This chapter deals with the mitochondrias’ stress response to heat, which is the central agent of thermotherapy. Thermotherapies function by inducing lethal heat inside target tissues. Spatial and temporal instabilities of temperature distributions in targets require optimized treatment protocols and reliable temperature-control methods during thermotherapies. Since solid cancers present predominant targets to thermotherapy, we analyzed hyperthermic stress-induced effects on mitochondrial transmembrane potentials in breast cancer cells (MX1). Heat sensitivities and stress reactions might be extremely different among different tissue species and tissue dignities; therefore it is very important to investigate tissue-specific stress responses systematically. Even though this chapter provides minimal information only to the enlightenment of systemic cellular heat stress mechanisms, it may contribute to deepening the basic knowledge about systemic stress responses. In addition, the data presented here might support optimizing of treatment protocols applied during thermotherapy, particularly LITT and hyperthermia.
Heat represents a primarily environmental physical stress factor inducing multiform stress reactions in cells and tissues exposed to unphysiologically elevated temperatures. Molecular mechanisms triggered by heat stress include enhanced synthesis of so-called heat shock proteins (HSP) providing a limited protection to cells and organisms against heat-induced damages [Lindquist, 1986; Sonna, 2002; Takayama, 2003; Kregel, 2002]. HSP are also involved in other stress responses initiated by non-thermal stress factors, like oxidative stress, energy and nutrient depletions, or drug toxicities [Kregel, 2002]. The effectiveness of HSP- mediated damage protections depend on the stress factor dose, exposure time, and the cell species encountering stress. Especially hyperthermic stress induces cell type individual stress reactions involving complex networks of genetic and biochemical changes [Sonna, 2002]. Detailed knowledge about molecular HSP functions and the resulting metabolic interactions does not really exist so far, althought they are under intensive investigation worldwide [Kregel, 2002].
Understanding of HSP regulation by using systems biology tools, HSP interact with multiple key components of signalling pathways that regulate growth and development. The molecular relationships between heat shock proteins and various signalling proteins appear to be critical for the normal function of signal transduction pathways. The relative levels of these proteins may be important, as too little or too much Hsp70 or Hsp90 can result in aberrant growth control, developmental malformations and cell death. Although the functions of HSP as molecular chaperones have been well characterized, their complementary role as `stress-induced’ proteins to monitor changes and alter the biochemical environment of the cell remains elusive. Genetic and molecular interactions between HSP, their co-chaperones and components of signalling pathways suggest that crosstalk between these proteins can regulate proliferation and development by preventing or enhancing cell growth and death, as the levels of HSP vary in response to environmental stress or disease.
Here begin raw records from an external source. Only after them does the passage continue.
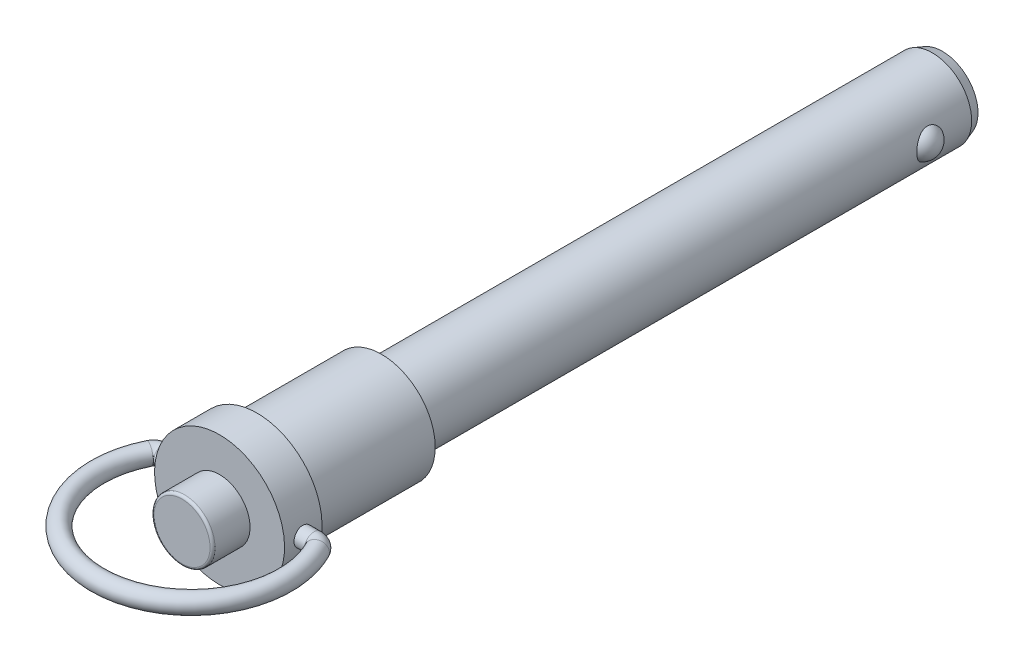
ISO-10303-21;
HEADER;
FILE_DESCRIPTION(('STEP AP214'),'2;1');
FILE_NAME('part.step','',(''),(''),'','','');
FILE_SCHEMA(('AUTOMOTIVE_DESIGN { 1 0 10303 214 1 1 1 1 }'));
ENDSEC;
DATA;
#1=APPLICATION_CONTEXT('core data for automotive mechanical design processes');
#2=APPLICATION_PROTOCOL_DEFINITION('international standard','automotive_design',2000,#1);
#3=PRODUCT_CONTEXT('',#1,'mechanical');
#4=PRODUCT('Part','Part','',(#3));
#5=PRODUCT_RELATED_PRODUCT_CATEGORY('part','',(#4));
#6=PRODUCT_DEFINITION_FORMATION('','',#4);
#7=PRODUCT_DEFINITION_CONTEXT('part definition',#1,'design');
#8=PRODUCT_DEFINITION('design','',#6,#7);
#9=PRODUCT_DEFINITION_SHAPE('','',#8);
#10=(LENGTH_UNIT() NAMED_UNIT(*) SI_UNIT(.MILLI.,.METRE.));
#11=(NAMED_UNIT(*) PLANE_ANGLE_UNIT() SI_UNIT($,.RADIAN.));
#12=(NAMED_UNIT(*) SI_UNIT($,.STERADIAN.) SOLID_ANGLE_UNIT());
#13=UNCERTAINTY_MEASURE_WITH_UNIT(LENGTH_MEASURE(1.E-05),#10,'distance_accuracy_value','');
#14=(GEOMETRIC_REPRESENTATION_CONTEXT(3) GLOBAL_UNCERTAINTY_ASSIGNED_CONTEXT((#13)) GLOBAL_UNIT_ASSIGNED_CONTEXT((#10,
#11,#12)) REPRESENTATION_CONTEXT('',''));
#15=CARTESIAN_POINT('',(0.,0.,0.));
#16=DIRECTION('',(0.,0.,1.));
#17=DIRECTION('',(1.,0.,0.));
#18=AXIS2_PLACEMENT_3D('',#15,#16,#17);
#19=CARTESIAN_POINT('',(-7.23283748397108,0.,-113.9826));
#20=DIRECTION('',(0.,0.,1.));
#21=DIRECTION('',(0.,1.,0.));
#22=AXIS2_PLACEMENT_3D('',#19,#20,#21);
#23=PLANE('',#22);
#24=CARTESIAN_POINT('',(0.,0.,-113.9826));
#25=DIRECTION('',(0.,0.,1.));
#26=DIRECTION('',(0.,1.,0.));
#27=AXIS2_PLACEMENT_3D('',#24,#25,#26);
#28=CIRCLE('',#27,7.23283748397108);
#29=CARTESIAN_POINT('',(0.,7.23283748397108,-113.9826));
#30=VERTEX_POINT('',#29);
#31=EDGE_CURVE('E210',#30,#30,#28,.T.);
#32=ORIENTED_EDGE('',*,*,#31,.F.);
#33=EDGE_LOOP('',(#32));
#34=FACE_BOUND('',#33,.T.);
#35=ADVANCED_FACE('F14',(#34),#23,.F.);
#36=CARTESIAN_POINT('',(6.3254,0.,-103.5178));
#37=DIRECTION('',(0.,0.,1.));
#38=DIRECTION('',(-1.,0.,0.));
#39=AXIS2_PLACEMENT_3D('',#36,#37,#38);
#40=SPHERICAL_SURFACE('',#39,3.175);
#41=CARTESIAN_POINT('',(7.972425,0.,-100.803406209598));
#42=CARTESIAN_POINT('',(7.97241726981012,0.174963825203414,-100.803411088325));
#43=CARTESIAN_POINT('',(7.96661031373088,0.350072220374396,-100.816853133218));
#44=CARTESIAN_POINT('',(7.94391651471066,0.695574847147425,-100.870541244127));
#45=CARTESIAN_POINT('',(7.92701418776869,0.865962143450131,-100.910824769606));
#46=CARTESIAN_POINT('',(7.88381094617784,1.19705751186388,-101.017849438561));
#47=CARTESIAN_POINT('',(7.85750751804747,1.35776298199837,-101.084597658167));
#48=CARTESIAN_POINT('',(7.79828591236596,1.66454963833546,-101.24375889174));
#49=CARTESIAN_POINT('',(7.76536929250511,1.81063425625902,-101.336165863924));
#50=CARTESIAN_POINT('',(7.6973220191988,2.08082133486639,-101.543431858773));
#51=CARTESIAN_POINT('',(7.6622476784,2.20529978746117,-101.657813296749));
#52=CARTESIAN_POINT('',(7.61082801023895,2.37452550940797,-101.845271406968));
#53=CARTESIAN_POINT('',(7.59387880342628,2.42804053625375,-101.910440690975));
#54=CARTESIAN_POINT('',(7.56094914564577,2.52871559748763,-102.045725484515));
#55=CARTESIAN_POINT('',(7.54496815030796,2.57587922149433,-102.115838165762));
#56=CARTESIAN_POINT('',(7.51569590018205,2.66002101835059,-102.255095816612));
#57=CARTESIAN_POINT('',(7.50229271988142,2.6974987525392,-102.323916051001));
#58=CARTESIAN_POINT('',(7.47725403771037,2.76614659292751,-102.46490445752));
#59=CARTESIAN_POINT('',(7.46561758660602,2.79732008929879,-102.537070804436));
#60=CARTESIAN_POINT('',(7.44451748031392,2.85299970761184,-102.684199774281));
#61=CARTESIAN_POINT('',(7.43505273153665,2.87750918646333,-102.759160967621));
#62=CARTESIAN_POINT('',(7.41863811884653,2.91956849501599,-102.911278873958));
#63=CARTESIAN_POINT('',(7.41168797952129,2.93711908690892,-102.988435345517));
#64=CARTESIAN_POINT('',(7.40116212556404,2.96353478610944,-103.13590466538));
#65=CARTESIAN_POINT('',(7.39730521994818,2.97312751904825,-103.206067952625));
#66=CARTESIAN_POINT('',(7.39192783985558,2.98647205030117,-103.347062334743));
#67=CARTESIAN_POINT('',(7.39040812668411,2.99022194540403,-103.417893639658));
#68=CARTESIAN_POINT('',(7.38975833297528,2.99182794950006,-103.559589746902));
#69=CARTESIAN_POINT('',(7.39062662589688,2.9896880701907,-103.630454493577));
#70=CARTESIAN_POINT('',(7.39471686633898,2.97955470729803,-103.771703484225));
#71=CARTESIAN_POINT('',(7.39793967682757,2.97155907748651,-103.84208754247));
#72=CARTESIAN_POINT('',(7.41052697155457,2.94009947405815,-104.043919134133));
#73=CARTESIAN_POINT('',(7.42280379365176,2.90920494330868,-104.1741115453));
#74=CARTESIAN_POINT('',(7.45413145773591,2.82795803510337,-104.427305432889));
#75=CARTESIAN_POINT('',(7.47318306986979,2.77760344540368,-104.550306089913));
#76=CARTESIAN_POINT('',(7.51696016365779,2.65690222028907,-104.790970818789));
#77=CARTESIAN_POINT('',(7.5418730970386,2.58587106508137,-104.908256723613));
#78=CARTESIAN_POINT('',(7.59450635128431,2.42693839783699,-105.130031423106));
#79=CARTESIAN_POINT('',(7.62222751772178,2.33903179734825,-105.234516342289));
#80=CARTESIAN_POINT('',(7.68069620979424,2.13967899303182,-105.438398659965));
#81=CARTESIAN_POINT('',(7.71148158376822,2.02679150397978,-105.53637565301));
#82=CARTESIAN_POINT('',(7.77061509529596,1.78672707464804,-105.71388153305));
#83=CARTESIAN_POINT('',(7.79896157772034,1.65954056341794,-105.793397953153));
#84=CARTESIAN_POINT('',(7.85313577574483,1.38188004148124,-105.939506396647));
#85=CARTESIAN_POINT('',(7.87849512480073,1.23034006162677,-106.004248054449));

The field of clinical cancer therapy comprises two major groups of different ablative thermotherapy methods, 1) laser-induced thermotherapy (LITT) working with locally confined temperatures between 50°C and 150°C to induce target tissue coagulation [Gewiese, 1994; Roggan, 2001; Nikfarjam, 2003] and 2) hyperthermia working with temperatures below 45°C [van der Zee, 2002]. Combined modality treatments such as hyperthermia-assisted radiotherapy and/or chemotherapy are under intensive scientific investigation today [van der Zee, 2002; Debes, 2004, Hehr, 2003; Colombo, 2003]. Another approach of intersitial thermoablation has been published by Jordan et al. (2006) and Johannsen (2007) who suggested injection of magnetic nanoparticles into a tumor followed by application of alternating current magnetic fields inducing elevated temperatures inside the particle-loaded tissue [Campbell, 2007; Johannsen, 2007; Jordan, 2006]. Therapy preconditions for this modern approach of nanomedicine concerning sufficient target loading with nanoparticles as well as feasible opportunities providing homogeneous particle distributions were not discussed in this context.
Generally, if the temperature induced in a target tissue is high enough to cause lethal effects and to induce thermal destruction thermotherapy is successful [Gewiese, 1994; Roggan, 2001; Nikfarjam, 2003; van der Zee, 2002; Debes, 2004, Hehr, 2003; Colombo, 2003]. Since heat transfer and distribution inside a target tissue usually are irregular and exhibit spatial and temporal instabilities, there is always a risk that certain areas of the target will survive the thermotherapeutic intervention to cause persistence or recurrence of disease [Nikfarjam, 2003; Gellermann, 2005; Mack, 2004]. Thresholds for thermal damage in human tissues vary among tissue species as well as among normal and diseased tissues [Dewhirst, 2003; Park, 2005]. Nevertheless a computer-aided dosimetry model was developed to support the irradiation planning for clinical LITT applications [Roggan, 2001].